## Goal of the exercise:
Retype each of the records below exactly, leaving the pictures out.

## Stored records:
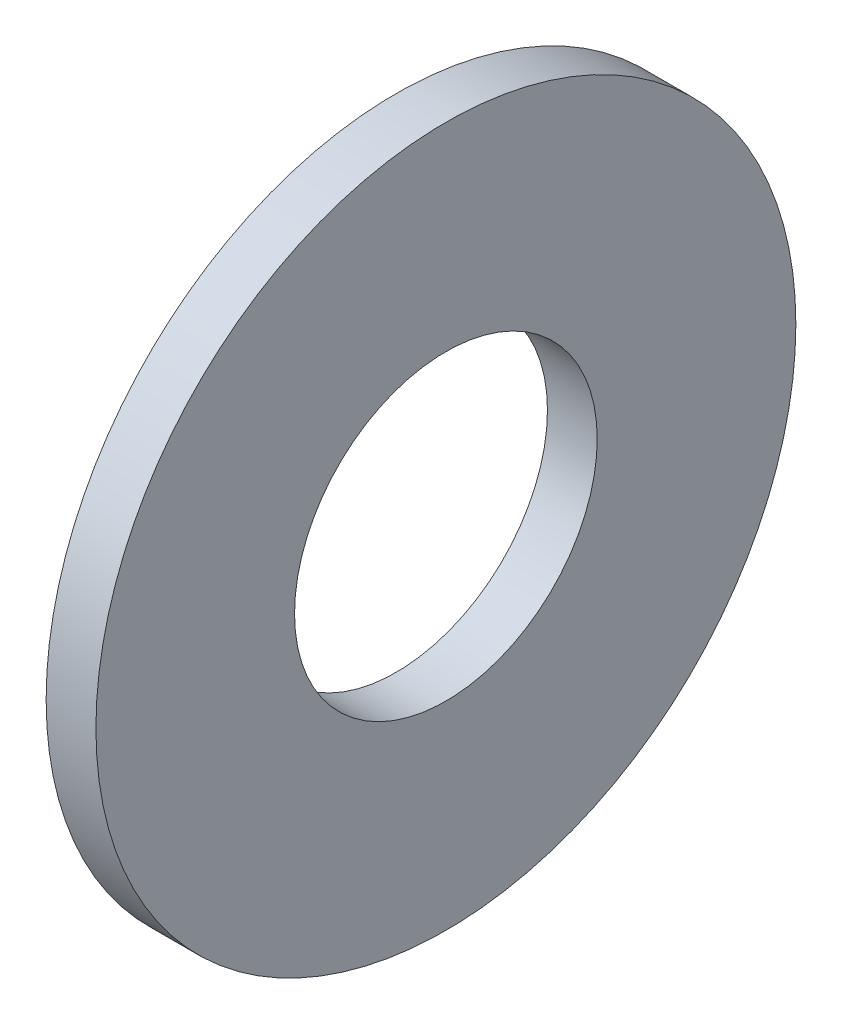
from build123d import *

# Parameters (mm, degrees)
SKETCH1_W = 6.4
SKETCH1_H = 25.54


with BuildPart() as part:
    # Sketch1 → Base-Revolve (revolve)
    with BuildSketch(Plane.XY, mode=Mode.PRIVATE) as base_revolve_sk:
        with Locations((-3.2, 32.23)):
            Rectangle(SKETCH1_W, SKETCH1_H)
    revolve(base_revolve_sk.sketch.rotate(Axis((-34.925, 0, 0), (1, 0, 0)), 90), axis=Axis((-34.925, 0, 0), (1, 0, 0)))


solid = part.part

## Solution to the problem:
from build123d import *

# Parameters (mm, degrees)
SKETCH1_W = 6.4
SKETCH1_H = 25.54


with BuildPart() as part:
    # Sketch1 → Base-Revolve (revolve)
    with BuildSketch(Plane.XY, mode=Mode.PRIVATE) as base_revolve_sk:
        with Locations((-3.2, 32.23)):
            Rectangle(SKETCH1_W, SKETCH1_H)
    revolve(base_revolve_sk.sketch.rotate(Axis((-34.925, 0, 0), (1, 0, 0)), 90), axis=Axis((-34.925, 0, 0), (1, 0, 0)))


solid = part.part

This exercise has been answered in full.